■ **Exercise requirements**
Could you copy every line from the material below in which "ELLIPSE" appears?

■ **Records to use**
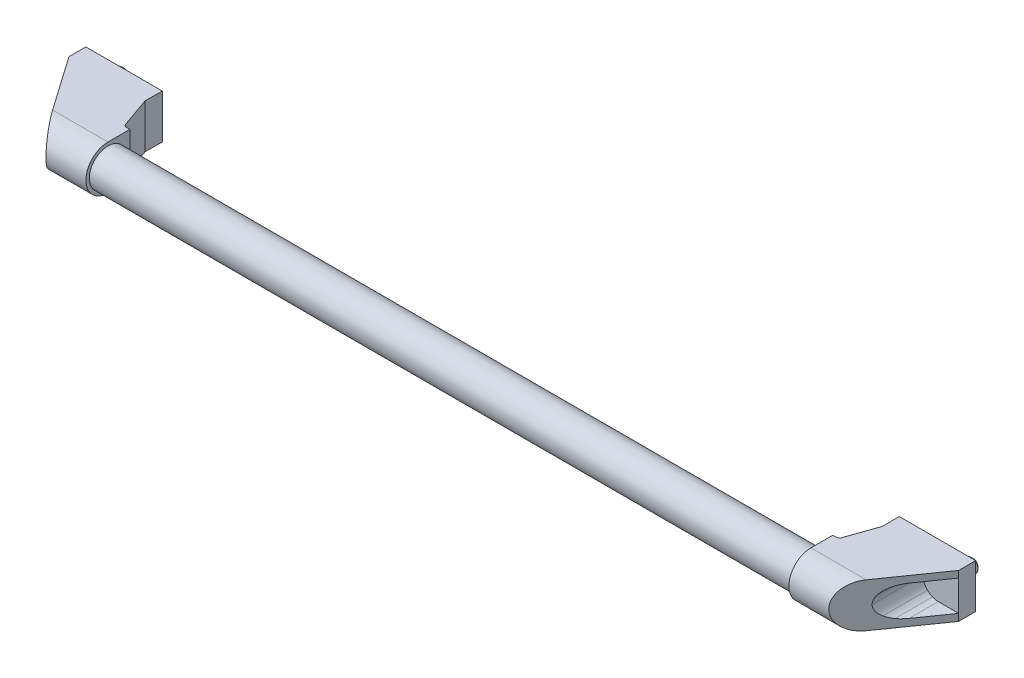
ISO-10303-21;
HEADER;
FILE_DESCRIPTION(('STEP AP214'),'2;1');
FILE_NAME('part.step','',(''),(''),'','','');
FILE_SCHEMA(('AUTOMOTIVE_DESIGN { 1 0 10303 214 1 1 1 1 }'));
ENDSEC;
DATA;
#1=APPLICATION_CONTEXT('core data for automotive mechanical design processes');
#2=APPLICATION_PROTOCOL_DEFINITION('international standard','automotive_design',2000,#1);
#3=PRODUCT_CONTEXT('',#1,'mechanical');
#4=PRODUCT('Part','Part','',(#3));
#5=PRODUCT_RELATED_PRODUCT_CATEGORY('part','',(#4));
#6=PRODUCT_DEFINITION_FORMATION('','',#4);
#7=PRODUCT_DEFINITION_CONTEXT('part definition',#1,'design');
#8=PRODUCT_DEFINITION('design','',#6,#7);
#9=PRODUCT_DEFINITION_SHAPE('','',#8);
#10=(LENGTH_UNIT() NAMED_UNIT(*) SI_UNIT(.MILLI.,.METRE.));
#11=(NAMED_UNIT(*) PLANE_ANGLE_UNIT() SI_UNIT($,.RADIAN.));
#12=(NAMED_UNIT(*) SI_UNIT($,.STERADIAN.) SOLID_ANGLE_UNIT());
#13=UNCERTAINTY_MEASURE_WITH_UNIT(LENGTH_MEASURE(1.E-05),#10,'distance_accuracy_value','');
#14=(GEOMETRIC_REPRESENTATION_CONTEXT(3) GLOBAL_UNCERTAINTY_ASSIGNED_CONTEXT((#13)) GLOBAL_UNIT_ASSIGNED_CONTEXT((#10,
#11,#12)) REPRESENTATION_CONTEXT('',''));
#15=CARTESIAN_POINT('',(0.,0.,0.));
#16=DIRECTION('',(0.,0.,1.));
#17=DIRECTION('',(1.,0.,0.));
#18=AXIS2_PLACEMENT_3D('',#15,#16,#17);
#19=CARTESIAN_POINT('',(512.,13.,-2.23779328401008E-13));
#20=DIRECTION('',(0.,0.,-1.));
#21=DIRECTION('',(-1.,0.,0.));
#22=AXIS2_PLACEMENT_3D('',#19,#20,#21);
#23=PLANE('',#22);
#24=DIRECTION('',(0.,-1.,0.));
#25=VECTOR('',#24,1.);
#26=CARTESIAN_POINT('',(487.,8.,-2.04697370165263E-13));
#27=LINE('',#26,#25);
#28=CARTESIAN_POINT('',(487.,8.,-2.04697370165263E-13));
#29=VERTEX_POINT('',#28);
#30=CARTESIAN_POINT('',(487.,-8.,-2.04697370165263E-13));
#31=VERTEX_POINT('',#30);
#32=EDGE_CURVE('E497',#29,#31,#27,.T.);
#33=ORIENTED_EDGE('',*,*,#32,.F.);
#34=DIRECTION('',(-1.,0.,0.));
#35=VECTOR('',#34,1.);
#36=CARTESIAN_POINT('',(487.,8.,-2.04697370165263E-13));
#37=LINE('',#36,#35);
#38=CARTESIAN_POINT('',(472.,8.,-1.97758476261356E-13));
#39=VERTEX_POINT('',#38);
#40=EDGE_CURVE('E30',#29,#39,#37,.T.);
#41=ORIENTED_EDGE('',*,*,#40,.T.);
#42=DIRECTION('',(0.,1.,0.));
#43=VECTOR('',#42,1.);
#44=CARTESIAN_POINT('',(472.,-8.,-1.97758476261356E-13));
#45=LINE('',#44,#43);
#46=CARTESIAN_POINT('',(472.,-8.,-1.97758476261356E-13));
#47=VERTEX_POINT('',#46);
#48=EDGE_CURVE('E491',#47,#39,#45,.T.);
#49=ORIENTED_EDGE('',*,*,#48,.F.);
#50=DIRECTION('',(1.,0.,0.));
#51=VECTOR('',#50,1.);
#52=CARTESIAN_POINT('',(472.,-8.,-1.97758476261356E-13));
#53=LINE('',#52,#51);
#54=EDGE_CURVE('E494',#47,#31,#53,.T.);
#55=ORIENTED_EDGE('',*,*,#54,.T.);
#56=EDGE_LOOP('',(#33,#41,#49,#55));
#57=FACE_BOUND('',#56,.T.);
#58=DIRECTION('',(0.,1.,0.));
#59=VECTOR('',#58,1.);
#60=CARTESIAN_POINT('',(467.,-13.,-1.95156391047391E-13));
#61=LINE('',#60,#59);
#62=CARTESIAN_POINT('',(467.,-13.,-1.95156391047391E-13));
#63=VERTEX_POINT('',#62);
#64=CARTESIAN_POINT('',(467.,13.,-1.95156391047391E-13));
#65=VERTEX_POINT('',#64);
#66=EDGE_CURVE('E595',#63,#65,#61,.T.);
#67=ORIENTED_EDGE('',*,*,#66,.T.);
#68=DIRECTION('',(-1.,0.,0.));
#69=VECTOR('',#68,1.);
#70=CARTESIAN_POINT('',(512.,13.,-2.23779328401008E-13));
#71=LINE('',#70,#69);
#72=CARTESIAN_POINT('',(512.,13.,-2.23779328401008E-13));
#73=VERTEX_POINT('',#72);
#74=EDGE_CURVE('E626',#73,#65,#71,.T.);
#75=ORIENTED_EDGE('',*,*,#74,.F.);
#76=DIRECTION('',(0.,-1.,0.));
#77=VECTOR('',#76,1.);
#78=CARTESIAN_POINT('',(512.,13.,-2.23779328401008E-13));
#79=LINE('',#78,#77);
#80=CARTESIAN_POINT('',(512.,-13.,-2.23779328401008E-13));
#81=VERTEX_POINT('',#80);
#82=EDGE_CURVE('E621',#73,#81,#79,.T.);
#83=ORIENTED_EDGE('',*,*,#82,.T.);
#84=DIRECTION('',(-1.,0.,0.));
#85=VECTOR('',#84,1.);
#86=CARTESIAN_POINT('',(512.,-13.,-2.23779328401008E-13));
#87=LINE('',#86,#85);
#88=EDGE_CURVE('E629',#81,#63,#87,.T.);
#89=ORIENTED_EDGE('',*,*,#88,.T.);
#90=EDGE_LOOP('',(#67,#75,#83,#89));
#91=FACE_BOUND('',#90,.T.);
#92=CARTESIAN_POINT('',(500.,0.,-2.16840434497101E-13));
#93=DIRECTION('',(0.,0.,1.));
#94=DIRECTION('',(1.,0.,0.));
#95=AXIS2_PLACEMENT_3D('',#92,#93,#94);
#96=CIRCLE('',#95,4.);
#97=CARTESIAN_POINT('',(504.,0.,-2.18415563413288E-13));
#98=VERTEX_POINT('',#97);
#99=EDGE_CURVE('E481',#98,#98,#96,.T.);
#100=ORIENTED_EDGE('',*,*,#99,.T.);
#101=EDGE_LOOP('',(#100));
#102=FACE_BOUND('',#101,.T.);
#103=ADVANCED_FACE('F14',(#57,#91,#102),#23,.T.);
#104=CARTESIAN_POINT('',(512.,-13.,9.99999999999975));
#105=DIRECTION('',(-0.819152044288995,0.,-0.573576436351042));
#106=DIRECTION('',(-0.573576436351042,0.,0.819152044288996));
#107=AXIS2_PLACEMENT_3D('',#104,#105,#106);
#108=PLANE('',#107);
#109=DIRECTION('',(0.573576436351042,0.,-0.819152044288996));
#110=VECTOR('',#109,1.);
#111=CARTESIAN_POINT('',(512.,-8.90119415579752,9.99999999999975));
#112=LINE('',#111,#110);
#113=CARTESIAN_POINT('',(499.999992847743,-8.90119415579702,27.1377862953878));
#114=VERTEX_POINT('',#113);
#115=CARTESIAN_POINT('',(512.,-8.90119415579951,9.99999999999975));
#116=VERTEX_POINT('',#115);
#117=EDGE_CURVE('E9',#114,#116,#112,.T.);
#118=ORIENTED_EDGE('',*,*,#117,.F.);
#119=CARTESIAN_POINT('',(499.999999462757,0.0988421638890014,27.1377768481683));
#120=DIRECTION('',(-0.819152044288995,0.,-0.573576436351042));
#121=DIRECTION('',(-0.573576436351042,0.,0.819152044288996));
#122=AXIS2_PLACEMENT_3D('',#119,#120,#121);
#123=ELLIPSE('',#122,15.6910844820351,9.00003631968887);
#124=CARTESIAN_POINT('',(496.555841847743,-8.21611015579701,32.0565436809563));
#125=VERTEX_POINT('',#124);
#126=EDGE_CURVE('E23',#114,#125,#123,.T.);
#127=ORIENTED_EDGE('',*,*,#126,.T.);
#128=CARTESIAN_POINT('',(500.00001388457,0.0988360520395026,27.1377562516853));
#129=DIRECTION('',(-0.819152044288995,0.,-0.573576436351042));
#130=DIRECTION('',(-0.573576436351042,0.,0.819152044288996));
#131=AXIS2_PLACEMENT_3D('',#128,#129,#130);
#132=ELLIPSE('',#131,15.6910842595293,9.00003619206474);
#133=CARTESIAN_POINT('',(493.636031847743,-6.26515515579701,36.2264645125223));
#134=VERTEX_POINT('',#133);
#135=EDGE_CURVE('E651',#125,#134,#132,.T.);
#136=ORIENTED_EDGE('',*,*,#135,.T.);
#137=CARTESIAN_POINT('',(500.000032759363,0.0988180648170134,27.1377292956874));
#138=DIRECTION('',(-0.819152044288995,0.,-0.573576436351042));
#139=DIRECTION('',(-0.573576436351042,0.,0.819152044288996));
#140=AXIS2_PLACEMENT_3D('',#137,#138,#139);
#141=ELLIPSE('',#140,15.6910853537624,9.00003681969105);
#142=CARTESIAN_POINT('',(490.999995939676,0.0988089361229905,39.9911139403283));
#143=VERTEX_POINT('',#142);
#144=EDGE_CURVE('E648',#134,#143,#141,.T.);
#145=ORIENTED_EDGE('',*,*,#144,.T.);
#146=CARTESIAN_POINT('',(500.000030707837,0.098790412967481,27.1377322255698));
#147=DIRECTION('',(-0.819152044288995,0.,-0.573576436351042));
#148=DIRECTION('',(-0.573576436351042,0.,0.819152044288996));
#149=AXIS2_PLACEMENT_3D('',#146,#147,#148);
#150=ELLIPSE('',#149,15.6910817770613,9.00003476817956);
#151=CARTESIAN_POINT('',(493.636039,6.4627699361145,36.2264542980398));
#152=VERTEX_POINT('',#151);
#153=EDGE_CURVE('E645',#143,#152,#150,.T.);
#154=ORIENTED_EDGE('',*,*,#153,.T.);
#155=CARTESIAN_POINT('',(500.000021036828,0.0987787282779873,27.1377460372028));
#156=DIRECTION('',(-0.819152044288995,0.,-0.573576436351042));
#157=DIRECTION('',(-0.573576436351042,0.,0.819152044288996));
#158=AXIS2_PLACEMENT_3D('',#155,#156,#157);
#159=ELLIPSE('',#158,15.6910842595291,9.00003619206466);
#160=CARTESIAN_POINT('',(496.555849,8.4137249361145,32.0565334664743));
#161=VERTEX_POINT('',#160);
#162=EDGE_CURVE('E642',#152,#161,#159,.T.);
#163=ORIENTED_EDGE('',*,*,#162,.T.);
#164=CARTESIAN_POINT('',(500.000006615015,0.098772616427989,27.1377666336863));
#165=DIRECTION('',(-0.819152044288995,0.,-0.573576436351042));
#166=DIRECTION('',(-0.573576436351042,0.,0.819152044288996));
#167=AXIS2_PLACEMENT_3D('',#164,#165,#166);
#168=ELLIPSE('',#167,15.691084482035,9.0000363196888);
#169=CARTESIAN_POINT('',(500.,9.09880893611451,27.1377760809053));
#170=VERTEX_POINT('',#169);
#171=EDGE_CURVE('E639',#161,#170,#168,.T.);
#172=ORIENTED_EDGE('',*,*,#171,.T.);
#173=DIRECTION('',(0.573576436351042,0.,-0.819152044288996));
#174=VECTOR('',#173,1.);
#175=CARTESIAN_POINT('',(512.,9.09880893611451,9.99999999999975));
#176=LINE('',#175,#174);
#177=CARTESIAN_POINT('',(512.,9.09880893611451,9.99999999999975));
#178=VERTEX_POINT('',#177);
#179=EDGE_CURVE('E636',#170,#178,#176,.T.);
#180=ORIENTED_EDGE('',*,*,#179,.T.);
#181=DIRECTION('',(0.,1.,0.));
#182=VECTOR('',#181,1.);
#183=CARTESIAN_POINT('',(512.,-13.,9.99999999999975));
#184=LINE('',#183,#182);
#185=CARTESIAN_POINT('',(512.,13.,9.99999999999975));
#186=VERTEX_POINT('',#185);
#187=EDGE_CURVE('E604',#178,#186,#184,.T.);
#188=ORIENTED_EDGE('',*,*,#187,.T.);
#189=DIRECTION('',(-0.573576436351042,0.,0.819152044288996));
#190=VECTOR('',#189,1.);
#191=CARTESIAN_POINT('',(512.,13.,9.99999999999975));
#192=LINE('',#191,#190);
#193=CARTESIAN_POINT('',(489.59335877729,13.,42.));
#194=VERTEX_POINT('',#193);
#195=EDGE_CURVE('E598',#186,#194,#192,.T.);
#196=ORIENTED_EDGE('',*,*,#195,.T.);
#197=CARTESIAN_POINT('',(489.59335877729,0.,42.));
#198=DIRECTION('',(-0.819152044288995,0.,-0.573576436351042));
#199=DIRECTION('',(-0.573576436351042,0.,0.819152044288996));
#200=AXIS2_PLACEMENT_3D('',#197,#198,#199);
#201=ELLIPSE('',#200,15.8700696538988,13.);
#202=CARTESIAN_POINT('',(489.59335877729,-13.,42.));
#203=VERTEX_POINT('',#202);
#204=EDGE_CURVE('E608',#203,#194,#201,.T.);
#205=ORIENTED_EDGE('',*,*,#204,.F.);
#206=DIRECTION('',(-0.573576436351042,0.,0.819152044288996));
#207=VECTOR('',#206,1.);
#208=CARTESIAN_POINT('',(512.,-13.,9.99999999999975));
#209=LINE('',#208,#207);
#210=CARTESIAN_POINT('',(512.,-13.,9.99999999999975));
#211=VERTEX_POINT('',#210);
#212=EDGE_CURVE('E601',#211,#203,#209,.T.);
#213=ORIENTED_EDGE('',*,*,#212,.F.);
#214=EDGE_CURVE('E605',#211,#116,#184,.T.);
#215=ORIENTED_EDGE('',*,*,#214,.T.);
#216=EDGE_LOOP('',(#118,#127,#136,#145,#154,#163,#172,#180,#188,#196,#205,#213,#215));
#217=FACE_BOUND('',#216,.T.);
#218=ADVANCED_FACE('F657',(#217),#108,.F.);
#219=CARTESIAN_POINT('',(512.,13.,42.));
#220=DIRECTION('',(0.,1.,0.));
#221=DIRECTION('',(-1.,0.,0.));
#222=AXIS2_PLACEMENT_3D('',#219,#220,#221);
#223=PLANE('',#222);
#224=DIRECTION('',(-0.0104830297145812,0.,-0.999945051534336));
#225=VECTOR('',#224,1.);
#226=CARTESIAN_POINT('',(467.104830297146,13.,9.99945051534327));
#227=LINE('',#226,#225);
#228=CARTESIAN_POINT('',(467.104830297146,13.,9.99945051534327));
#229=VERTEX_POINT('',#228);
#230=EDGE_CURVE('E573',#229,#65,#227,.T.);
#231=ORIENTED_EDGE('',*,*,#230,.F.);
#232=DIRECTION('',(-0.332150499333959,0.,0.943226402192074));
#233=VECTOR('',#232,1.);
#234=CARTESIAN_POINT('',(467.104830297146,13.,9.99945051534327));
#235=LINE('',#234,#233);
#236=CARTESIAN_POINT('',(460.854102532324,13.,27.7499927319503));
#237=VERTEX_POINT('',#236);
#238=EDGE_CURVE('E570',#229,#237,#235,.T.);
#239=ORIENTED_EDGE('',*,*,#238,.T.);
#240=CARTESIAN_POINT('',(458.967649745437,13.,27.0856916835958));
#241=DIRECTION('',(0.,1.,0.));
#242=DIRECTION('',(-1.,0.,0.));
#243=AXIS2_PLACEMENT_3D('',#240,#241,#242);
#244=CIRCLE('',#243,2.);
#245=CARTESIAN_POINT('',(458.988615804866,13.,29.0855817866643));
#246=VERTEX_POINT('',#245);
#247=EDGE_CURVE('E567',#246,#237,#244,.T.);
#248=ORIENTED_EDGE('',*,*,#247,.F.);
#249=DIRECTION('',(0.999945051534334,0.,-0.0104830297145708));
#250=VECTOR('',#249,1.);
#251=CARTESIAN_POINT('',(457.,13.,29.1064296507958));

■ **Exercise result**
#123=ELLIPSE('',#122,15.6910844820351,9.00003631968887);
#132=ELLIPSE('',#131,15.6910842595293,9.00003619206474);
#141=ELLIPSE('',#140,15.6910853537624,9.00003681969105);
#150=ELLIPSE('',#149,15.6910817770613,9.00003476817956);
#159=ELLIPSE('',#158,15.6910842595291,9.00003619206466);
#168=ELLIPSE('',#167,15.691084482035,9.0000363196888);
#201=ELLIPSE('',#200,15.8700696538988,13.);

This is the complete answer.